- Type: Rifle

Production history
- Manufacturer: O.F. Mossberg & Sons
- Produced: 2010–2015
- Variants: 715T Flat Top, 715P

Specifications
- Barrel length: 16.25 inches (413 mm)
- Cartridge: .22 Long Rifle
- Caliber: .22
- Action: Semi-automatic
- Feed system: 10- or 25-round box magazine

= Mossberg 715T =

The Mossberg 715T is a semi-automatic rifle that was produced by O.F. Mossberg & Sons. It is a variant of the Mossberg 702 Plinkster, designed with an AR-15-style stock and body. It is chambered for .22 Long Rifle and comes with a 10-round or 25-round magazine.

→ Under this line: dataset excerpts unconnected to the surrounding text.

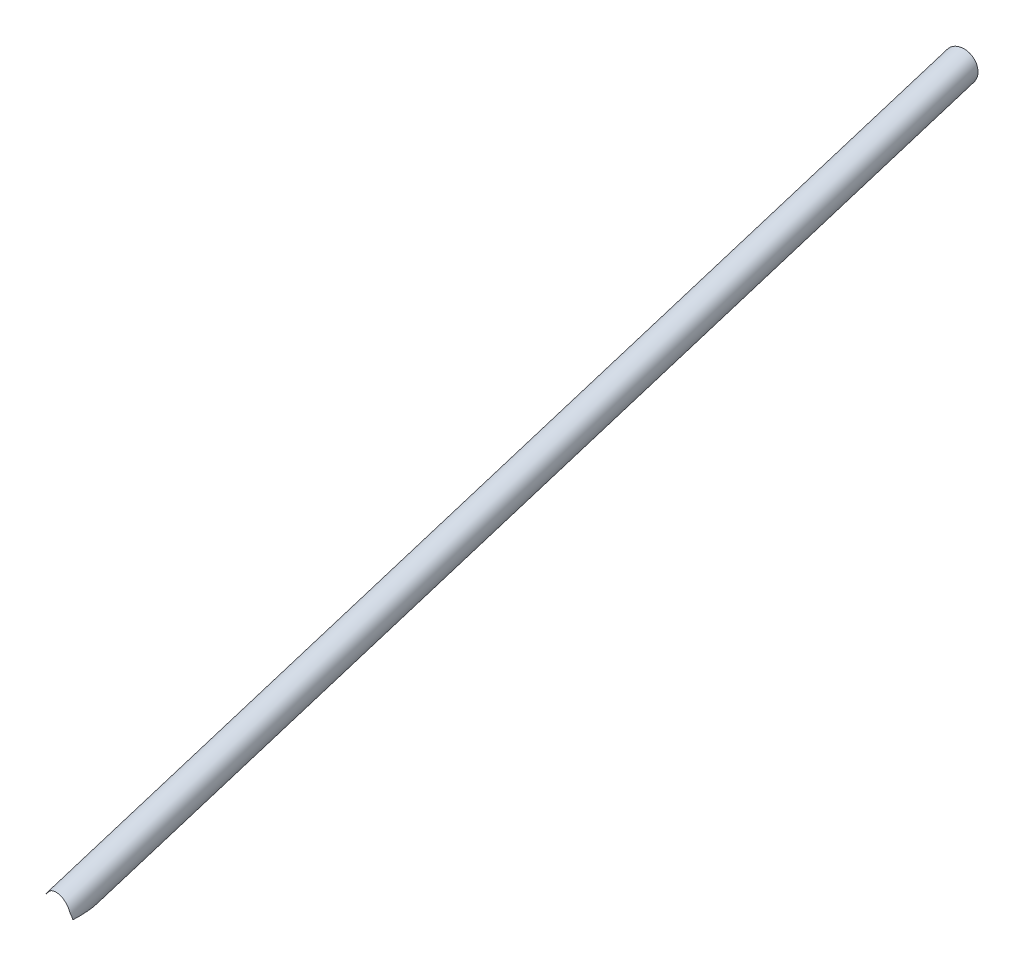
ISO-10303-21;
HEADER;
FILE_DESCRIPTION(('STEP AP214'),'2;1');
FILE_NAME('part.step','',(''),(''),'','','');
FILE_SCHEMA(('AUTOMOTIVE_DESIGN { 1 0 10303 214 1 1 1 1 }'));
ENDSEC;
DATA;
#1=APPLICATION_CONTEXT('core data for automotive mechanical design processes');
#2=APPLICATION_PROTOCOL_DEFINITION('international standard','automotive_design',2000,#1);
#3=PRODUCT_CONTEXT('',#1,'mechanical');
#4=PRODUCT('Part','Part','',(#3));
#5=PRODUCT_RELATED_PRODUCT_CATEGORY('part','',(#4));
#6=PRODUCT_DEFINITION_FORMATION('','',#4);
#7=PRODUCT_DEFINITION_CONTEXT('part definition',#1,'design');
#8=PRODUCT_DEFINITION('design','',#6,#7);
#9=PRODUCT_DEFINITION_SHAPE('','',#8);
#10=(LENGTH_UNIT() NAMED_UNIT(*) SI_UNIT(.MILLI.,.METRE.));
#11=(NAMED_UNIT(*) PLANE_ANGLE_UNIT() SI_UNIT($,.RADIAN.));
#12=(NAMED_UNIT(*) SI_UNIT($,.STERADIAN.) SOLID_ANGLE_UNIT());
#13=UNCERTAINTY_MEASURE_WITH_UNIT(LENGTH_MEASURE(1.E-05),#10,'distance_accuracy_value','');
#14=(GEOMETRIC_REPRESENTATION_CONTEXT(3) GLOBAL_UNCERTAINTY_ASSIGNED_CONTEXT((#13)) GLOBAL_UNIT_ASSIGNED_CONTEXT((#10,
#11,#12)) REPRESENTATION_CONTEXT('',''));
#15=CARTESIAN_POINT('',(0.,0.,0.));
#16=DIRECTION('',(0.,0.,1.));
#17=DIRECTION('',(1.,0.,0.));
#18=AXIS2_PLACEMENT_3D('',#15,#16,#17);
#19=CARTESIAN_POINT('',(-160.,500.,-1140.));
#20=DIRECTION('',(-0.0860700691861797,-0.397246473166983,0.913666888284061));
#21=DIRECTION('',(0.,-0.917070056253235,-0.39872611141445));
#22=AXIS2_PLACEMENT_3D('',#19,#20,#21);
#23=CYLINDRICAL_SURFACE('',#22,11.3);
#24=CARTESIAN_POINT('',(-160.,500.,-1140.));
#25=DIRECTION('',(-0.133991346812806,0.0219122293107186,-0.990740214781819));
#26=DIRECTION('',(-0.480296136468892,-0.875921056969801,0.0455842434396289));
#27=AXIS2_PLACEMENT_3D('',#24,#25,#26);
#28=ELLIPSE('',#27,12.5224622988998,11.3);
#29=CARTESIAN_POINT('',(-166.014490261239,489.031311587283,-1139.4291730301));
#30=VERTEX_POINT('',#29);
#31=EDGE_CURVE('E103',#30,#30,#28,.T.);
#32=ORIENTED_EDGE('',*,*,#31,.T.);
#33=EDGE_LOOP('',(#32));
#34=FACE_BOUND('',#33,.T.);
#35=CARTESIAN_POINT('',(-219.876049960594,213.286108546211,-508.89830547729));
#36=CARTESIAN_POINT('',(-219.744983221446,213.103990623124,-508.47944079388));
#37=CARTESIAN_POINT('',(-219.619745346317,212.924703354233,-508.057517587089));
#38=CARTESIAN_POINT('',(-219.378911944815,212.570958780361,-507.208904454206));
#39=CARTESIAN_POINT('',(-219.26331728065,212.396501908199,-506.78221410574));
#40=CARTESIAN_POINT('',(-219.04028242253,212.051767564359,-505.924884196033));
#41=CARTESIAN_POINT('',(-218.932844658474,211.881491348218,-505.494243500491));
#42=CARTESIAN_POINT('',(-218.725033339016,211.544695304599,-504.629791739642));
#43=CARTESIAN_POINT('',(-218.624660021078,211.378175603521,-504.195980568303));
#44=CARTESIAN_POINT('',(-218.429946994662,211.048271186261,-503.32501231813));
#45=CARTESIAN_POINT('',(-218.335616992411,210.884891794424,-502.887851059884));
#46=CARTESIAN_POINT('',(-218.152456909951,210.561245639945,-502.011227040914));
#47=CARTESIAN_POINT('',(-218.063626926709,210.400978932214,-501.571764239762));
#48=CARTESIAN_POINT('',(-217.804525528881,209.924546692681,-500.250546260107));
#49=CARTESIAN_POINT('',(-217.641605085443,209.612684743305,-499.36579097204));
#50=CARTESIAN_POINT('',(-217.332053099736,208.999574907086,-497.591341510518));
#51=CARTESIAN_POINT('',(-217.185397533481,208.698311827055,-496.701656715531));
#52=CARTESIAN_POINT('',(-216.905547759232,208.105089343523,-494.917054244897));
#53=CARTESIAN_POINT('',(-216.772354080109,207.813130305853,-494.022136365121));
#54=CARTESIAN_POINT('',(-216.517570444801,207.238328944722,-492.228559205508));
#55=CARTESIAN_POINT('',(-216.395971147722,206.955479406063,-491.329903556707));
#56=CARTESIAN_POINT('',(-216.162677298762,206.398554053049,-489.528621906422));
#57=CARTESIAN_POINT('',(-216.050982567507,206.12447807986,-488.62599597715));
#58=CARTESIAN_POINT('',(-215.800126001738,205.494892970526,-486.513748016538));
#59=CARTESIAN_POINT('',(-215.664313620349,205.142896406478,-485.302680033244));
#60=CARTESIAN_POINT('',(-215.405081735264,204.456347723635,-482.874033184217));
#61=CARTESIAN_POINT('',(-215.281664565608,204.121798895961,-481.656453137545));
#62=CARTESIAN_POINT('',(-215.103815080915,203.635712769231,-479.825583797999));
#63=CARTESIAN_POINT('',(-215.04575991263,203.476349455546,-479.214716304721));
#64=CARTESIAN_POINT('',(-214.931688797713,203.163516169446,-477.991286220898));
#65=CARTESIAN_POINT('',(-214.875672833209,203.010046145387,-477.378723645257));
#66=CARTESIAN_POINT('',(-214.765285206241,202.709902179022,-476.151867048996));
#67=CARTESIAN_POINT('',(-214.710913337557,202.563227383148,-475.537573256179));
#68=CARTESIAN_POINT('',(-214.603355653244,202.277887615788,-474.307030949214));
#69=CARTESIAN_POINT('',(-214.550169817021,202.139222505161,-473.690782469218));
#70=CARTESIAN_POINT('',(-214.441261806551,201.86349359177,-472.418706701254));
#71=CARTESIAN_POINT('',(-214.385581197601,201.72703582032,-471.762743573419));
#72=CARTESIAN_POINT('',(-214.274236447711,201.467961415602,-470.44798998492));
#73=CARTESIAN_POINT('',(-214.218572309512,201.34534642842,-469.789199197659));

Now possibly classified as prohibited in Canada due to it being improperly classified as an AR-15 Variant even though it has no internal components in common with the AR-15 rifle.

==History==
The 715T was originally produced with an adjustable rear sight mount (with integrated carry handle) and an adjustable front sight. In 2012, a "Flat Top" version was introduced with removable and adjustable front and rear sights, along with a Picatinny rail. The Flat Top was also available in Red Dot Combo and Camo models. The stock was either a fixed length option of 13 inch or a six-position adjustable option of 10.5–14.25 inch.

In 2014, Mossberg introduced the 715P, a pistol style version also based on the 702 Plinkster. A "Duck Commander" model of the 715P featured an electronic sight and a camouflage-pattern stock.